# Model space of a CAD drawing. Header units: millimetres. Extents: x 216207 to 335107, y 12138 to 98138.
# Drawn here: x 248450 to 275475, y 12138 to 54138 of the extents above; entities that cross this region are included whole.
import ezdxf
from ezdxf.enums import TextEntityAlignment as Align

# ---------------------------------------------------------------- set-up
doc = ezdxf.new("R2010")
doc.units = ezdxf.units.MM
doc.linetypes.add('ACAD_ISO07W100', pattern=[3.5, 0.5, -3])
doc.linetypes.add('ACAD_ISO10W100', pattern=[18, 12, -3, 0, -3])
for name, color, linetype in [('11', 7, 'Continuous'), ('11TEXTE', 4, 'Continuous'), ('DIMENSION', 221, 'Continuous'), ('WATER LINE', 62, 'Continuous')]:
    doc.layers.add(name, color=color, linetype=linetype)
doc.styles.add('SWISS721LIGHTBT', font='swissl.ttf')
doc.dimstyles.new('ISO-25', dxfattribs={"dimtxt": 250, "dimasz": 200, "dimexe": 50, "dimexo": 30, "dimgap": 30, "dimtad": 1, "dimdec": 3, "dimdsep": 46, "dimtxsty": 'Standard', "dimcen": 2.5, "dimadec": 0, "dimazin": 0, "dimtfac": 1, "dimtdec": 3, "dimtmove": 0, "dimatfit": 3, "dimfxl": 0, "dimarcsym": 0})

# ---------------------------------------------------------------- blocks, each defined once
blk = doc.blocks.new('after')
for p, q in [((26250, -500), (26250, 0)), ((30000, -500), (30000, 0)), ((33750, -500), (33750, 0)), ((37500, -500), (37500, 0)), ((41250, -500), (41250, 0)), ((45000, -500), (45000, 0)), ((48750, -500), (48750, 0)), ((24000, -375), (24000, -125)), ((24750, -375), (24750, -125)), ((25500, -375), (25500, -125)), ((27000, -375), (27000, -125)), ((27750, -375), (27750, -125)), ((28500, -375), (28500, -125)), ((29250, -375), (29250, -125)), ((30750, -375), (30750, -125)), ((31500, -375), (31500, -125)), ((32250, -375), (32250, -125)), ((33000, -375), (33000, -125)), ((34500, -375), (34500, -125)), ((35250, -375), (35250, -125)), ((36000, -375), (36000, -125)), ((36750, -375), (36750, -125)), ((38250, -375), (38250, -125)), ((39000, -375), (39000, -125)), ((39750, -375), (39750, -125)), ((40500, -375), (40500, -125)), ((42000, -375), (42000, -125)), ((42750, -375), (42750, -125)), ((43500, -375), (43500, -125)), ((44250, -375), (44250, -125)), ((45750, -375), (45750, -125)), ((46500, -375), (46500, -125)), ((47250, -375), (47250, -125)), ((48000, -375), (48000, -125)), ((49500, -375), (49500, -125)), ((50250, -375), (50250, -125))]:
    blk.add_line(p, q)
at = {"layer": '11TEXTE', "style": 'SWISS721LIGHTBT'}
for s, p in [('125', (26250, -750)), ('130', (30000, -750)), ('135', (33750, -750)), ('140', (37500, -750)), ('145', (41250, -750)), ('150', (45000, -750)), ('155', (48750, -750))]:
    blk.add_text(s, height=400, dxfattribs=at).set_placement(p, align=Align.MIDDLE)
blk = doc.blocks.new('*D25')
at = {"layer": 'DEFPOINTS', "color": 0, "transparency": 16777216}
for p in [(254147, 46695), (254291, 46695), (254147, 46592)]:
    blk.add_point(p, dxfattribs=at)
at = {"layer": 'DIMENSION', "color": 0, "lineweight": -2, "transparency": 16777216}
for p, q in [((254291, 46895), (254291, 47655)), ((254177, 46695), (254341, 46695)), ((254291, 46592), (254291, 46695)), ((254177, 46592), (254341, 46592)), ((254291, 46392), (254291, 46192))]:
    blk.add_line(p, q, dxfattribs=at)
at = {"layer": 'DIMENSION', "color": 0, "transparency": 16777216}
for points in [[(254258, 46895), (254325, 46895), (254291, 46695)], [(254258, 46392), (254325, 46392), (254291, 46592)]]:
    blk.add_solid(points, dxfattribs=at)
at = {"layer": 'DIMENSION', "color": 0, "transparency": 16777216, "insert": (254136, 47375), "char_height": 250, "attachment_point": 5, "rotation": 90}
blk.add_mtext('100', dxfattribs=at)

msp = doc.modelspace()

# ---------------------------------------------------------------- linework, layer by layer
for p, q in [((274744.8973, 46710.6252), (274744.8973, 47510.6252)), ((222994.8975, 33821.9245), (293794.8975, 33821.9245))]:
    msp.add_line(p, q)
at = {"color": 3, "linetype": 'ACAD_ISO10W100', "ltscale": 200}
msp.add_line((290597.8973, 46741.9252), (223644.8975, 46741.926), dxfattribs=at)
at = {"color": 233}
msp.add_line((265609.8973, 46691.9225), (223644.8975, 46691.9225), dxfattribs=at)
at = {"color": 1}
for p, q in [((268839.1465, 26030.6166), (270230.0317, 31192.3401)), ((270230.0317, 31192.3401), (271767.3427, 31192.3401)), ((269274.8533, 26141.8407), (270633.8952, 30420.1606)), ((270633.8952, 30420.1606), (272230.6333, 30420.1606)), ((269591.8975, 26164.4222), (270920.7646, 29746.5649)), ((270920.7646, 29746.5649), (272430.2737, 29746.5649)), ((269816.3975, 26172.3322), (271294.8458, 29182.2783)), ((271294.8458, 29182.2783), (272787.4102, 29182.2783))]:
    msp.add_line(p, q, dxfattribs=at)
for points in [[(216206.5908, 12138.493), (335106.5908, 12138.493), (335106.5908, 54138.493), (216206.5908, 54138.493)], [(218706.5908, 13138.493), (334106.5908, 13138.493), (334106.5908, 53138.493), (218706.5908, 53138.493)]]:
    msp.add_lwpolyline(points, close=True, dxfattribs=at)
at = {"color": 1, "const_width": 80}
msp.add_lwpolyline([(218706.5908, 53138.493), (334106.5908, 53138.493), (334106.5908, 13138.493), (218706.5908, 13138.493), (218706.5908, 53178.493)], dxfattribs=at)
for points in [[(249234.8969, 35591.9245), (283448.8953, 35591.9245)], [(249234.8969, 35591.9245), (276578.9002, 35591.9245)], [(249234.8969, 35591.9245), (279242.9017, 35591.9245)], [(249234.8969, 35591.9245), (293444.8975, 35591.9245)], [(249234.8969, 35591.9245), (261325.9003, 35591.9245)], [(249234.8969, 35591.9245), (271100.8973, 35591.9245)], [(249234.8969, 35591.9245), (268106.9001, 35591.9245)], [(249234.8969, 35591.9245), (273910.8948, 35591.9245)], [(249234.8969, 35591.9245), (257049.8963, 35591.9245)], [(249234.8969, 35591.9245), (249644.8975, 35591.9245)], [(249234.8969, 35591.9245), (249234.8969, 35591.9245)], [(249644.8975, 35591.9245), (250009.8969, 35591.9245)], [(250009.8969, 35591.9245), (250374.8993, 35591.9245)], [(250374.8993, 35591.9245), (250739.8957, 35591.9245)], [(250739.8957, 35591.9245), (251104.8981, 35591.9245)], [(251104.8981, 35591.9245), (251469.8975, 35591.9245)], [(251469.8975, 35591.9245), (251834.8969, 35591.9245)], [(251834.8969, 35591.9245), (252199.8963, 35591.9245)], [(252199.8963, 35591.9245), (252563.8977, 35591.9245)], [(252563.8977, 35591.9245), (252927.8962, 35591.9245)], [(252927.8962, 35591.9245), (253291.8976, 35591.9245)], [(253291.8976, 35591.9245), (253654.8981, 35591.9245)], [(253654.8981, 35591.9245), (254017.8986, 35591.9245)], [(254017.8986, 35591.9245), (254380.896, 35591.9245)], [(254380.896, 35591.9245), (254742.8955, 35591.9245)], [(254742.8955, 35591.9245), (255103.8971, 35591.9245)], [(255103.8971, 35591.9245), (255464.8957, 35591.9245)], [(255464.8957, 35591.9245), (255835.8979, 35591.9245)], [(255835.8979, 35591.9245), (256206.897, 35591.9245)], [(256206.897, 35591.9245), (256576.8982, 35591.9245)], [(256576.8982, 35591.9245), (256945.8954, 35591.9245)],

### EXERCISE AIM
In the entries above, the lines between the one holding "msp.add_line(p, q)" and the one holding "(218706.5908, 53178.493)], dxfattribs=at)", inclusive, are to be printed exactly as written, and those alone.

### SOLUTION TO THIS TASK
    msp.add_line(p, q)
at = {"color": 3, "linetype": 'ACAD_ISO10W100', "ltscale": 200}
msp.add_line((290597.8973, 46741.9252), (223644.8975, 46741.926), dxfattribs=at)
at = {"color": 233}
msp.add_line((265609.8973, 46691.9225), (223644.8975, 46691.9225), dxfattribs=at)
at = {"color": 1}
for p, q in [((268839.1465, 26030.6166), (270230.0317, 31192.3401)), ((270230.0317, 31192.3401), (271767.3427, 31192.3401)), ((269274.8533, 26141.8407), (270633.8952, 30420.1606)), ((270633.8952, 30420.1606), (272230.6333, 30420.1606)), ((269591.8975, 26164.4222), (270920.7646, 29746.5649)), ((270920.7646, 29746.5649), (272430.2737, 29746.5649)), ((269816.3975, 26172.3322), (271294.8458, 29182.2783)), ((271294.8458, 29182.2783), (272787.4102, 29182.2783))]:
    msp.add_line(p, q, dxfattribs=at)
for points in [[(216206.5908, 12138.493), (335106.5908, 12138.493), (335106.5908, 54138.493), (216206.5908, 54138.493)], [(218706.5908, 13138.493), (334106.5908, 13138.493), (334106.5908, 53138.493), (218706.5908, 53138.493)]]:
    msp.add_lwpolyline(points, close=True, dxfattribs=at)
at = {"color": 1, "const_width": 80}
msp.add_lwpolyline([(218706.5908, 53138.493), (334106.5908, 53138.493), (334106.5908, 13138.493), (218706.5908, 13138.493), (218706.5908, 53178.493)], dxfattribs=at)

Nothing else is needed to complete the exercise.